Repeat word for word, please, only the lines from the one that includes "#17531 = EDGE_CURVE" through the final line of the data.

-- PROVIDED RECORDS follows --

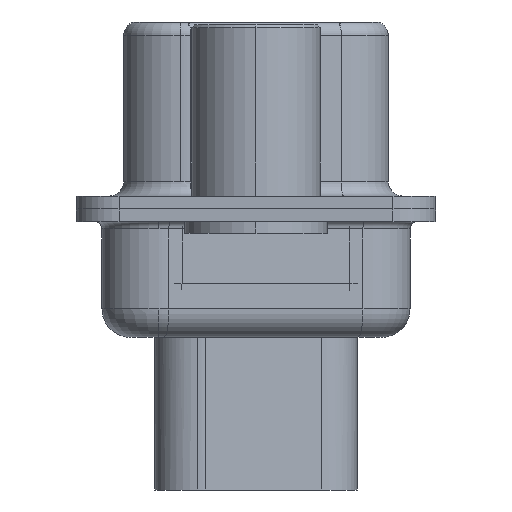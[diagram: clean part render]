
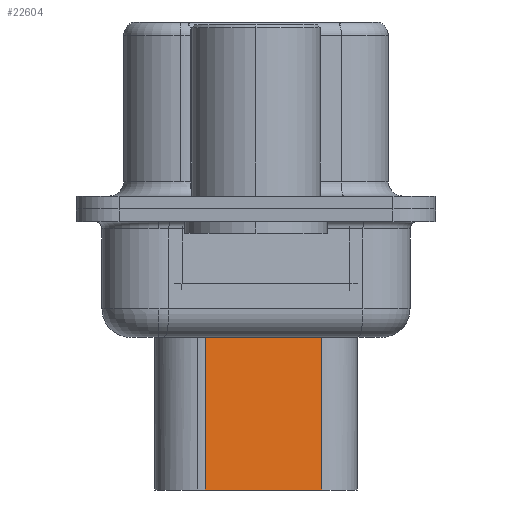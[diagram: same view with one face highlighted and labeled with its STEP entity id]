
A CAD part, left-side view. The second image highlights one B-rep face of the part: STEP entity #22604.
In plain terms, the highlighted planar face has unit normal (-0.985, -0.174, 0).
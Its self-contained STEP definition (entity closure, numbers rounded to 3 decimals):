
#541 = CARTESIAN_POINT ( 'NONE',  ( 4.524, 1.78, -9.85 ) ) ;
#1273 = VECTOR ( 'NONE', #11744, 1000. ) ;
#1436 = VECTOR ( 'NONE', #22159, 1000. ) ;
#2230 = LINE ( 'NONE', #4559, #1436 ) ;
#2404 = ORIENTED_EDGE ( 'NONE', *, *, #13283, .F. ) ;
#3612 = CARTESIAN_POINT ( 'NONE',  ( 4.524, 1.78, -3.1 ) ) ;
#4559 = CARTESIAN_POINT ( 'NONE',  ( 4.353, 2.749, -3.975 ) ) ;
#6098 = CARTESIAN_POINT ( 'NONE',  ( 5.243, -2.3, -3.1 ) ) ;
#8518 = FACE_OUTER_BOUND ( 'NONE', #24013, .T. ) ;
#9607 = ORIENTED_EDGE ( 'NONE', *, *, #18032, .T. ) ;
#11744 = DIRECTION ( 'NONE',  ( -0.174, 0.985, 0. ) ) ;
#12753 = PLANE ( 'NONE',  #18238 ) ;
#13155 = ORIENTED_EDGE ( 'NONE', *, *, #27916, .F. ) ;
#13163 = CARTESIAN_POINT ( 'NONE',  ( 5.243, -2.3, -9.85 ) ) ;
#13283 = EDGE_CURVE ( 'NONE', #20298, #17947, #28085, .T. ) ;
#13303 = VERTEX_POINT ( 'NONE', #28225 ) ;
#13315 = LINE ( 'NONE', #28435, #28397 ) ;
#14920 = DIRECTION ( 'NONE',  ( -0.985, -0.174, 0. ) ) ;
#14921 = CARTESIAN_POINT ( 'NONE',  ( 4.524, 1.78, -3.975 ) ) ;
#15926 = VECTOR ( 'NONE', #25765, 1000. ) ;
#16610 = ORIENTED_EDGE ( 'NONE', *, *, #17531, .T. ) ;
#17256 = DIRECTION ( 'NONE',  ( 0.174, -0.985, 0. ) ) ;
#17531 = EDGE_CURVE ( 'NONE', #20298, #25260, #2230, .T. ) ;
#17947 = VERTEX_POINT ( 'NONE', #13163 ) ;
#18032 = EDGE_CURVE ( 'NONE', #25260, #13303, #13315, .T. ) ;
#18238 = AXIS2_PLACEMENT_3D ( 'NONE', #3612, #14920, #17256 ) ;
#18438 = LINE ( 'NONE', #541, #1273 ) ;
#18457 = CARTESIAN_POINT ( 'NONE',  ( 5.243, -2.3, -3.975 ) ) ;
#20298 = VERTEX_POINT ( 'NONE', #18457 ) ;
#22159 = DIRECTION ( 'NONE',  ( -0.174, 0.985, 0. ) ) ;
#22604 = ADVANCED_FACE ( 'NONE', ( #8518 ), #12753, .T. ) ;
#24013 = EDGE_LOOP ( 'NONE', ( #2404, #16610, #9607, #13155 ) ) ;
#25260 = VERTEX_POINT ( 'NONE', #14921 ) ;
#25765 = DIRECTION ( 'NONE',  ( 0., 0., -1. ) ) ;
#26563 = DIRECTION ( 'NONE',  ( 0., 0., -1. ) ) ;
#27916 = EDGE_CURVE ( 'NONE', #17947, #13303, #18438, .T. ) ;
#28085 = LINE ( 'NONE', #6098, #15926 ) ;
#28225 = CARTESIAN_POINT ( 'NONE',  ( 4.524, 1.78, -9.85 ) ) ;
#28397 = VECTOR ( 'NONE', #26563, 1000. ) ;
#28435 = CARTESIAN_POINT ( 'NONE',  ( 4.524, 1.78, -3.1 ) ) ;

-- PROVIDED RECORDS concluded --

◆ ANSWER FOR THIS EXERCISE
#17531 = EDGE_CURVE ( 'NONE', #20298, #25260, #2230, .T. ) ;
#17947 = VERTEX_POINT ( 'NONE', #13163 ) ;
#18032 = EDGE_CURVE ( 'NONE', #25260, #13303, #13315, .T. ) ;
#18238 = AXIS2_PLACEMENT_3D ( 'NONE', #3612, #14920, #17256 ) ;
#18438 = LINE ( 'NONE', #541, #1273 ) ;
#18457 = CARTESIAN_POINT ( 'NONE',  ( 5.243, -2.3, -3.975 ) ) ;
#20298 = VERTEX_POINT ( 'NONE', #18457 ) ;
#22159 = DIRECTION ( 'NONE',  ( -0.174, 0.985, 0. ) ) ;
#22604 = ADVANCED_FACE ( 'NONE', ( #8518 ), #12753, .T. ) ;
#24013 = EDGE_LOOP ( 'NONE', ( #2404, #16610, #9607, #13155 ) ) ;
#25260 = VERTEX_POINT ( 'NONE', #14921 ) ;
#25765 = DIRECTION ( 'NONE',  ( 0., 0., -1. ) ) ;
#26563 = DIRECTION ( 'NONE',  ( 0., 0., -1. ) ) ;
#27916 = EDGE_CURVE ( 'NONE', #17947, #13303, #18438, .T. ) ;
#28085 = LINE ( 'NONE', #6098, #15926 ) ;
#28225 = CARTESIAN_POINT ( 'NONE',  ( 4.524, 1.78, -9.85 ) ) ;
#28397 = VECTOR ( 'NONE', #26563, 1000. ) ;
#28435 = CARTESIAN_POINT ( 'NONE',  ( 4.524, 1.78, -3.1 ) ) ;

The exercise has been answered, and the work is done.